LYRASIS uses SumoLogic to aggregate DuraCloud logs in order to better understand what is happening in the DuraCloud system. The following is an overview of the types of charts developed for monitoring DuraCloud systems, as an example of use.
Details to be added:
- An overview of the information contained in DuraCloud logs
- Configuring SumoLogic to capture and parse DuraCloud logs
- Creating SumoLogic dashboards for DuraCloud data
Shows the number of bytes added by account within a specified time period as a time series (last seven days by default).
Shows the sum of all bytes added by account within a specified time period (last seven days by default).
Shows the number of bytes deleted by account within a specified time period as a time series (last seven days by default).
Shows the sum of all bytes deleted by account within a specified time period (last seven days by default).
Shows the number of files added by account within a specified time period as a time series (last seven days by default).
Shows the sum of all files added by account within a specified time period (last seven days by default).
Shows the number of files deleted by account within a specified time period as a time series (last seven days by default).
Shows the sum of all files deleted by account within a specified time period (last seven days by default).
Shows the count of errors occurring in five minute intervals over the last 24 hours.
Shows the count of task processing failures over five minute intervals over the last 24 hours. If a task fails twice and the succeeds on the third retry, it would show up here as two failures. So it is expected that failures will occur. Failures that exceed the number of retries will go into the Dead Letter Queue which has its own graph. Notice that the failures are broken out by processor type.
This graph shows the total number of threads that should be available to the mill instance for running tasks. It is broken out by workman type to give further insight into what is the theorectical capacity for each task type.
This graph shows the total number of tasks prcoessed summed by task over five minute intervals over the last 24 hours.
Shows the total of the threads actively working on tasks summed over five minute intervals over the last 24 hours.
Shows the total number of workman instances summed over five minute intervals over the last 24 hours broken out by worker type. These number should correspond to the number of autoscaled instances of each worker type.
Shows the size of the queue averaged over five minute intervals over the last 24 hours.
Shows the number of audit tasks processed over the last 24 hours as a time series.
Shows the average elapsed time for the processing of audit tasks over the last 24 hours as a time series. It is notable this graph shows the total time per task as well as average of individual sub task processors including the audit task processor as well as the manifest task processor. Breaking the times out by subtype help identify bottlenecks affecting particular sub-processes.
Shows the size of the high priority duplication queue averaged over five minute intervals over the last 24 hours.
Shows the size of the low priority duplication queue averaged over five minute intervals over the last 24 hours. When a duplication run is underway, you would expect to see lots of items in this queue.
Shows the number of duplication tasks processed over the last 24 hours as a time series.
Shows the average elapsed time for the processing of dup tasks over the last 24 hours as a time series.
Shows the size of the bit integrity task queue averaged over five minute intervals over the last 24 hours. When a bit integrity run is underway, you would expect to see lots of items in this queue.

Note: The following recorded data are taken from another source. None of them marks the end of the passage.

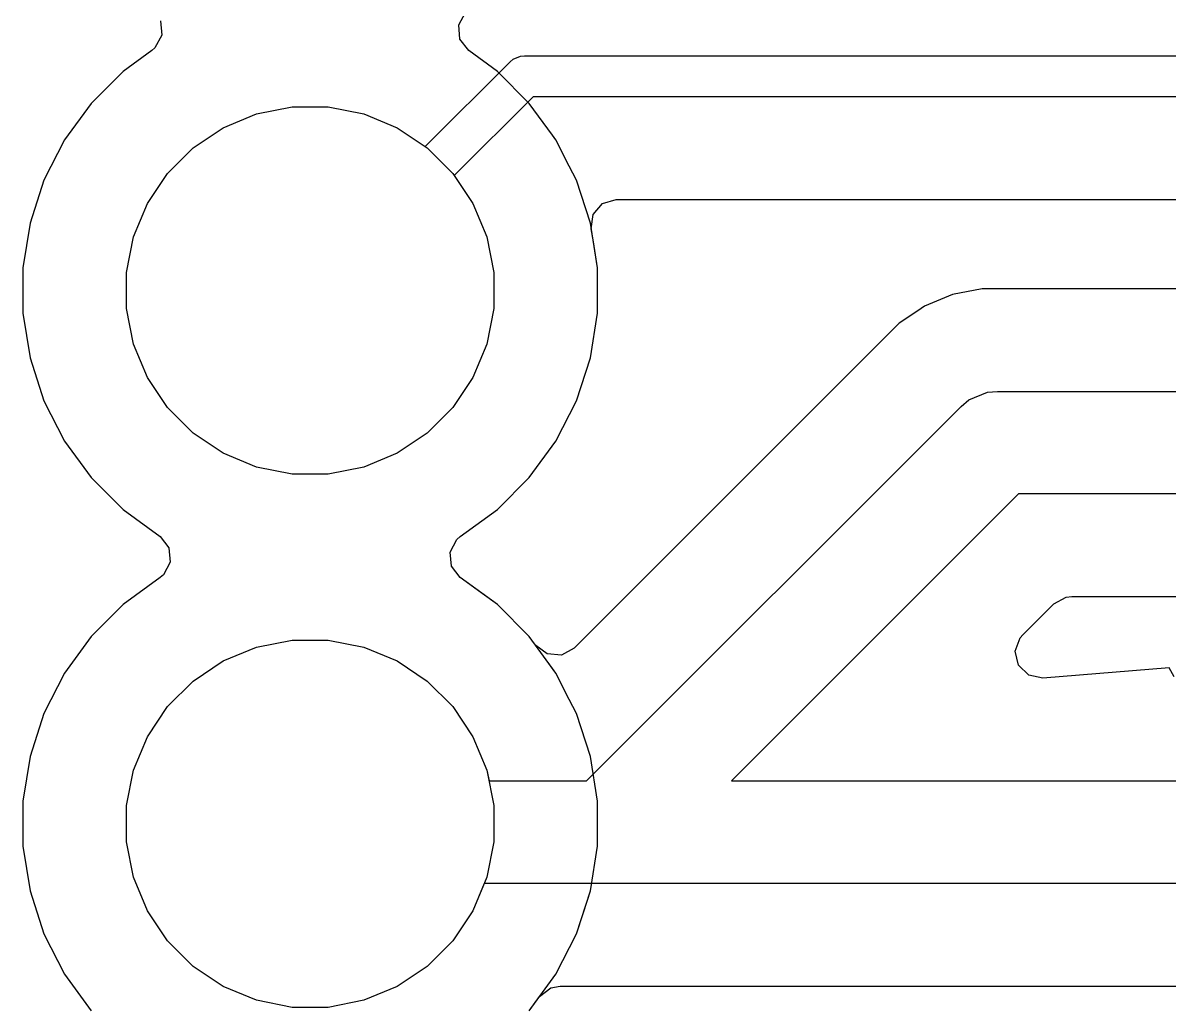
# Model space of a CAD drawing. Header units: inches. Extents: x 6.57 to 9.79, y -8.72 to -3.17.
# Drawn here: x 7.4468 to 7.6668, y -8.5182 to -8.3289 of the extents above; entities that cross this region are included whole.
import ezdxf

# ---------------------------------------------------------------- set-up
doc = ezdxf.new("R2010")
doc.units = ezdxf.units.IN
doc.header["$MEASUREMENT"] = 0
doc.layers.add('B.Cu', color=153, linetype='CONTINUOUS', true_color=0x4d7fc4)

msp = doc.modelspace()

# ---------------------------------------------------------------- linework, layer by layer
at = {"layer": 'B.Cu', "linetype": 'CONTINUOUS'}
for p, q in [((7.47322, -8.32848), (7.47346, -8.33122)), ((7.47322, -8.32848), (7.47346, -8.33122)), ((7.47322, -8.32848), (7.47346, -8.33122)), ((7.47322, -8.32848), (7.47346, -8.33122)), ((7.53047, -8.32928), (7.53176, -8.32685)), ((7.53047, -8.32928), (7.53176, -8.32685)), ((7.53047, -8.32928), (7.53176, -8.32685)), ((7.53071, -8.33202), (7.53047, -8.32928)), ((7.53071, -8.33202), (7.53047, -8.32928)), ((7.53071, -8.33202), (7.53047, -8.32928)), ((7.47346, -8.33122), (7.47217, -8.33365)), ((7.47346, -8.33122), (7.47217, -8.33365)), ((7.47346, -8.33122), (7.47217, -8.33365)), ((7.47346, -8.33122), (7.47217, -8.33365)), ((7.53239, -8.3342), (7.53071, -8.33202)), ((7.53239, -8.3342), (7.53071, -8.33202)), ((7.53239, -8.3342), (7.53071, -8.33202)), ((7.47154, -8.3342), (7.46605, -8.33819)), ((7.47154, -8.3342), (7.46605, -8.33819)), ((7.47154, -8.3342), (7.46605, -8.33819)), ((7.47154, -8.3342), (7.46605, -8.33819)), ((7.47217, -8.33365), (7.47154, -8.3342)), ((7.47217, -8.33365), (7.47154, -8.3342)), ((7.47217, -8.33365), (7.47154, -8.3342)), ((7.47217, -8.33365), (7.47154, -8.3342)), ((7.53789, -8.33819), (7.53239, -8.3342)), ((7.53789, -8.33819), (7.53239, -8.3342)), ((7.53789, -8.33819), (7.53239, -8.3342)), ((7.52405, -8.3526), (7.54032, -8.33632)), ((7.54032, -8.33632), (7.54092, -8.33584)), ((7.54092, -8.33584), (7.54234, -8.33525)), ((7.54234, -8.33525), (7.54311, -8.33517)), ((7.54311, -8.33517), (7.79013, -8.33517)), ((7.46605, -8.33819), (7.45991, -8.34433)), ((7.46605, -8.33819), (7.45991, -8.34433)), ((7.46605, -8.33819), (7.45991, -8.34433)), ((7.46605, -8.33819), (7.45991, -8.34433)), ((7.46605, -8.33819), (7.46605, -8.33819)), ((7.46605, -8.33819), (7.46605, -8.33819)), ((7.46605, -8.33819), (7.46605, -8.33819)), ((7.46605, -8.33819), (7.46605, -8.33819)), ((7.54402, -8.34433), (7.53789, -8.33819)), ((7.53789, -8.33819), (7.53789, -8.33819)), ((7.54402, -8.34433), (7.53789, -8.33819)), ((7.53789, -8.33819), (7.53789, -8.33819)), ((7.54402, -8.34433), (7.53789, -8.33819)), ((7.53789, -8.33819), (7.53789, -8.33819)), ((7.54474, -8.34305), (7.52962, -8.35817)), ((7.79176, -8.34305), (7.54474, -8.34305)), ((7.45991, -8.34433), (7.45481, -8.35135)), ((7.45991, -8.34433), (7.45481, -8.35135)), ((7.45991, -8.34433), (7.45481, -8.35135)), ((7.45991, -8.34433), (7.45481, -8.35135)), ((7.45991, -8.34433), (7.45991, -8.34433)), ((7.45991, -8.34433), (7.45991, -8.34433)), ((7.45991, -8.34433), (7.45991, -8.34433)), ((7.45991, -8.34433), (7.45991, -8.34433)), ((7.49168, -8.34634), (7.49849, -8.34499)), ((7.49168, -8.34634), (7.49849, -8.34499)), ((7.49168, -8.34634), (7.49849, -8.34499)), ((7.49168, -8.34634), (7.49849, -8.34499)), ((7.49849, -8.34499), (7.50544, -8.34499)), ((7.49849, -8.34499), (7.50544, -8.34499)), ((7.49849, -8.34499), (7.50544, -8.34499)), ((7.49849, -8.34499), (7.50544, -8.34499)), ((7.50544, -8.34499), (7.51225, -8.34634)), ((7.50544, -8.34499), (7.51225, -8.34634)), ((7.50544, -8.34499), (7.51225, -8.34634)), ((7.50544, -8.34499), (7.51225, -8.34634)), ((7.54847, -8.35045), (7.54402, -8.34433)), ((7.54402, -8.34433), (7.54402, -8.34433)), ((7.54847, -8.35045), (7.54402, -8.34433)), ((7.54402, -8.34433), (7.54402, -8.34433)), ((7.54847, -8.35045), (7.54402, -8.34433)), ((7.54402, -8.34433), (7.54402, -8.34433)), ((7.48526, -8.349), (7.49168, -8.34634)), ((7.48526, -8.349), (7.49168, -8.34634)), ((7.48526, -8.349), (7.49168, -8.34634)), ((7.48526, -8.349), (7.49168, -8.34634)), ((7.51225, -8.34634), (7.51867, -8.349)), ((7.51225, -8.34634), (7.51867, -8.349)), ((7.51225, -8.34634), (7.51867, -8.349)), ((7.51225, -8.34634), (7.51867, -8.349)), ((7.47949, -8.35286), (7.48526, -8.349)), ((7.47949, -8.35286), (7.48526, -8.349)), ((7.47949, -8.35286), (7.48526, -8.349)), ((7.47949, -8.35286), (7.48526, -8.349)), ((7.51867, -8.349), (7.52405, -8.3526)), ((7.51867, -8.349), (7.52444, -8.35286)), ((7.51867, -8.349), (7.52444, -8.35286)), ((7.51867, -8.349), (7.52444, -8.35286)), ((7.54912, -8.35135), (7.54847, -8.35045)), ((7.54912, -8.35135), (7.54847, -8.35045)), ((7.54912, -8.35135), (7.54847, -8.35045)), ((7.45481, -8.35135), (7.45087, -8.35909)), ((7.45481, -8.35135), (7.45087, -8.35909)), ((7.45481, -8.35135), (7.45087, -8.35909)), ((7.45481, -8.35135), (7.45087, -8.35909)), ((7.5517, -8.35641), (7.54912, -8.35135)), ((7.5517, -8.35641), (7.54912, -8.35135)), ((7.5517, -8.35641), (7.54912, -8.35135)), ((7.47458, -8.35777), (7.47949, -8.35286)), ((7.47458, -8.35777), (7.47949, -8.35286)), ((7.47458, -8.35777), (7.47949, -8.35286)), ((7.47458, -8.35777), (7.47949, -8.35286)), ((7.52444, -8.35286), (7.52936, -8.35777)), ((7.52444, -8.35286), (7.52936, -8.35777)), ((7.52444, -8.35286), (7.52936, -8.35777)), ((7.55306, -8.35909), (7.5517, -8.35641)), ((7.55306, -8.35909), (7.5517, -8.35641)), ((7.55306, -8.35909), (7.5517, -8.35641)), ((7.45087, -8.35909), (7.44819, -8.36734)), ((7.45087, -8.35909), (7.44819, -8.36734)), ((7.45087, -8.35909), (7.44819, -8.36734)), ((7.45087, -8.35909), (7.44819, -8.36734)), ((7.45087, -8.35909), (7.45087, -8.35909)), ((7.45087, -8.35909), (7.45087, -8.35909)), ((7.45087, -8.35909), (7.45087, -8.35909)), ((7.45087, -8.35909), (7.45087, -8.35909)), ((7.47072, -8.36355), (7.47458, -8.35777)), ((7.47072, -8.36355), (7.47458, -8.35777)), ((7.47072, -8.36355), (7.47458, -8.35777)), ((7.47072, -8.36355), (7.47458, -8.35777)), ((7.52936, -8.35777), (7.53321, -8.36355)), ((7.52936, -8.35777), (7.53321, -8.36355)), ((7.52936, -8.35777), (7.53321, -8.36355)), ((7.52962, -8.35817), (7.53321, -8.36355)), ((7.55575, -8.36734), (7.55306, -8.35909)), ((7.55306, -8.35909), (7.55306, -8.35909)), ((7.55575, -8.36734), (7.55306, -8.35909)), ((7.55306, -8.35909), (7.55306, -8.35909)), ((7.55575, -8.36734), (7.55306, -8.35909)), ((7.55306, -8.35909), (7.55306, -8.35909)), ((7.46806, -8.36996), (7.47072, -8.36355)), ((7.46806, -8.36996), (7.47072, -8.36355)), ((7.46806, -8.36996), (7.47072, -8.36355)), ((7.46806, -8.36996), (7.47072, -8.36355)), ((7.53321, -8.36355), (7.53587, -8.36996)), ((7.53321, -8.36355), (7.53587, -8.36996)), ((7.53321, -8.36355), (7.53587, -8.36996)), ((7.53321, -8.36355), (7.53587, -8.36996)), ((7.55627, -8.36567), (7.55804, -8.36356)), ((7.55804, -8.36356), (7.56067, -8.36275)), ((7.56067, -8.36275), (7.56073, -8.36275)), ((7.56073, -8.36275), (7.78834, -8.36275)), ((7.55591, -8.3684), (7.55627, -8.36567)), ((7.44819, -8.36734), (7.44683, -8.37591)), ((7.44819, -8.36734), (7.44683, -8.37591)), ((7.44819, -8.36734), (7.44683, -8.37591)), ((7.44819, -8.36734), (7.44683, -8.37591)), ((7.44819, -8.36734), (7.44819, -8.36734)), ((7.5571, -8.37591), (7.55575, -8.36734)), ((7.5571, -8.37591), (7.55575, -8.36734)), ((7.5571, -8.37591), (7.55575, -8.36734)), ((7.4667, -8.37678), (7.46806, -8.36996)), ((7.4667, -8.37678), (7.46806, -8.36996)), ((7.4667, -8.37678), (7.46806, -8.36996)), ((7.4667, -8.37678), (7.46806, -8.36996)), ((7.53587, -8.36996), (7.53723, -8.37678)), ((7.53587, -8.36996), (7.53723, -8.37678)), ((7.53587, -8.36996), (7.53723, -8.37678)), ((7.53587, -8.36996), (7.53723, -8.37678)), ((7.55631, -8.3709), (7.55591, -8.3684)), ((7.5571, -8.37591), (7.55631, -8.3709)), ((7.44683, -8.37591), (7.44683, -8.38459)), ((7.44683, -8.37591), (7.44683, -8.38459)), ((7.44683, -8.37591), (7.44683, -8.38459)), ((7.44683, -8.37591), (7.44683, -8.38459)), ((7.4667, -8.38372), (7.4667, -8.37678)), ((7.4667, -8.38372), (7.4667, -8.37678)), ((7.4667, -8.38372), (7.4667, -8.37678)), ((7.4667, -8.38372), (7.4667, -8.37678)), ((7.53723, -8.37678), (7.53723, -8.38372)), ((7.53723, -8.37678), (7.53723, -8.38372)), ((7.53723, -8.37678), (7.53723, -8.38372)), ((7.53723, -8.37678), (7.53723, -8.38372)), ((7.5571, -8.38459), (7.5571, -8.37591)), ((7.5571, -8.38272), (7.5571, -8.37591)), ((7.5571, -8.38459), (7.5571, -8.37591)), ((7.5571, -8.38459), (7.5571, -8.37591)), ((7.62524, -8.38104), (7.61986, -8.38326)), ((7.63095, -8.3799), (7.62524, -8.38104)), ((7.62524, -8.38104), (7.62524, -8.38104)), ((7.71477, -8.3799), (7.63095, -8.3799)), ((7.5571, -8.38459), (7.5571, -8.38272)), ((7.61986, -8.38326), (7.61857, -8.38413)), ((7.61986, -8.38326), (7.61986, -8.38326)), ((7.61986, -8.38326), (7.61986, -8.38326)), ((7.44683, -8.38459), (7.44751, -8.38888)), ((7.44683, -8.38459), (7.44819, -8.39316)), ((7.44683, -8.38459), (7.44819, -8.39316)), ((7.44683, -8.38459), (7.44819, -8.39316)), ((7.46806, -8.39054), (7.4667, -8.38372)), ((7.46806, -8.39054), (7.4667, -8.38372)), ((7.46806, -8.39054), (7.4667, -8.38372)), ((7.46806, -8.39054), (7.4667, -8.38372)), ((7.53723, -8.38372), (7.53587, -8.39054)), ((7.53723, -8.38372), (7.53587, -8.39054)), ((7.53723, -8.38372), (7.53587, -8.39054)), ((7.53723, -8.38372), (7.53587, -8.39054)), ((7.55575, -8.39316), (7.5571, -8.38459)), ((7.55575, -8.39316), (7.5571, -8.38459)), ((7.55575, -8.39316), (7.5571, -8.38459)), ((7.55575, -8.39316), (7.5571, -8.38459)), ((7.61857, -8.38413), (7.61502, -8.3865)), ((7.61857, -8.38413), (7.61857, -8.38413)), ((7.61502, -8.3865), (7.55261, -8.44891)), ((7.61502, -8.3865), (7.61502, -8.3865)), ((7.44751, -8.38888), (7.44819, -8.39316)), ((7.47072, -8.39695), (7.46806, -8.39054)), ((7.47072, -8.39695), (7.46806, -8.39054)), ((7.47072, -8.39695), (7.46806, -8.39054)), ((7.47072, -8.39695), (7.46806, -8.39054)), ((7.53587, -8.39054), (7.53321, -8.39695)), ((7.53587, -8.39054), (7.53321, -8.39695)), ((7.53587, -8.39054), (7.53321, -8.39695)), ((7.53587, -8.39054), (7.53321, -8.39695)), ((7.44819, -8.39316), (7.45087, -8.40142)), ((7.44819, -8.39316), (7.45087, -8.40142)), ((7.44819, -8.39316), (7.45087, -8.40142)), ((7.44819, -8.39316), (7.45087, -8.40142)), ((7.55306, -8.40142), (7.55575, -8.39316)), ((7.55306, -8.40142), (7.55575, -8.39316)), ((7.55306, -8.40142), (7.55575, -8.39316)), ((7.55306, -8.40142), (7.55575, -8.39316)), ((7.47458, -8.40273), (7.47072, -8.39695)), ((7.47458, -8.40273), (7.47072, -8.39695)), ((7.47458, -8.40273), (7.47072, -8.39695)), ((7.47458, -8.40273), (7.47072, -8.39695)), ((7.53321, -8.39695), (7.52936, -8.40273)), ((7.53321, -8.39695), (7.52936, -8.40273)), ((7.53321, -8.39695), (7.52936, -8.40273)), ((7.53321, -8.39695), (7.52936, -8.40273)), ((7.62839, -8.40127), (7.63194, -8.3998)), ((7.63194, -8.3998), (7.63386, -8.39961)), ((7.63194, -8.3998), (7.63194, -8.3998)), ((7.63386, -8.39961), (7.72155, -8.39961)), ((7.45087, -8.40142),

Shows the number of bit integrity tasks processed over the last 24 hours as a time series.
This graph shows the number successful of bit integrity tasks processed over the last 24 hours as a time series grouped by the retry on which the task succeeded. In other words, this graph will tell you how efficiently the system is processing logical tasks. If you start to see lots of successes after three retries and almost no successes after one retry then that might point to a problem with the reliability of the network.
Shows the average elapsed time for the processing of bit integrity tasks over the last 24 hours as a time series.
This graph shows the number successful and failed bit integrity report tasks processed over the last 24 hours as a time series. If you see no activity here while the bit integrity producer graph shows more than one account being processed it may indicate that there is a problem with the bit report task worker.
###Other Processes
This graph shows the flow of audit log items that were read from the audit database and written to the audit log space. The main function is simply to verify that this process, which should be writing new audit entries as long as objects are being uploaded to DuraCloud, is running as expected.
This graph shows the count of manifest entries being purged from the manifest table over time. The amount of time a manifest entry remains in the database after being flagged as deleted is configured in the mill-config.properties file. The default is one day. So if you delete some items, you would expect to see those deletes purged one day later in this graph.
This graphs shows the number of dup tasks that the duplication producer has placed on the queue over the last three days by account.
This graphs shows the number of bit integrity tasks that the bit integrity producer is placing on the queue over the last three days by account.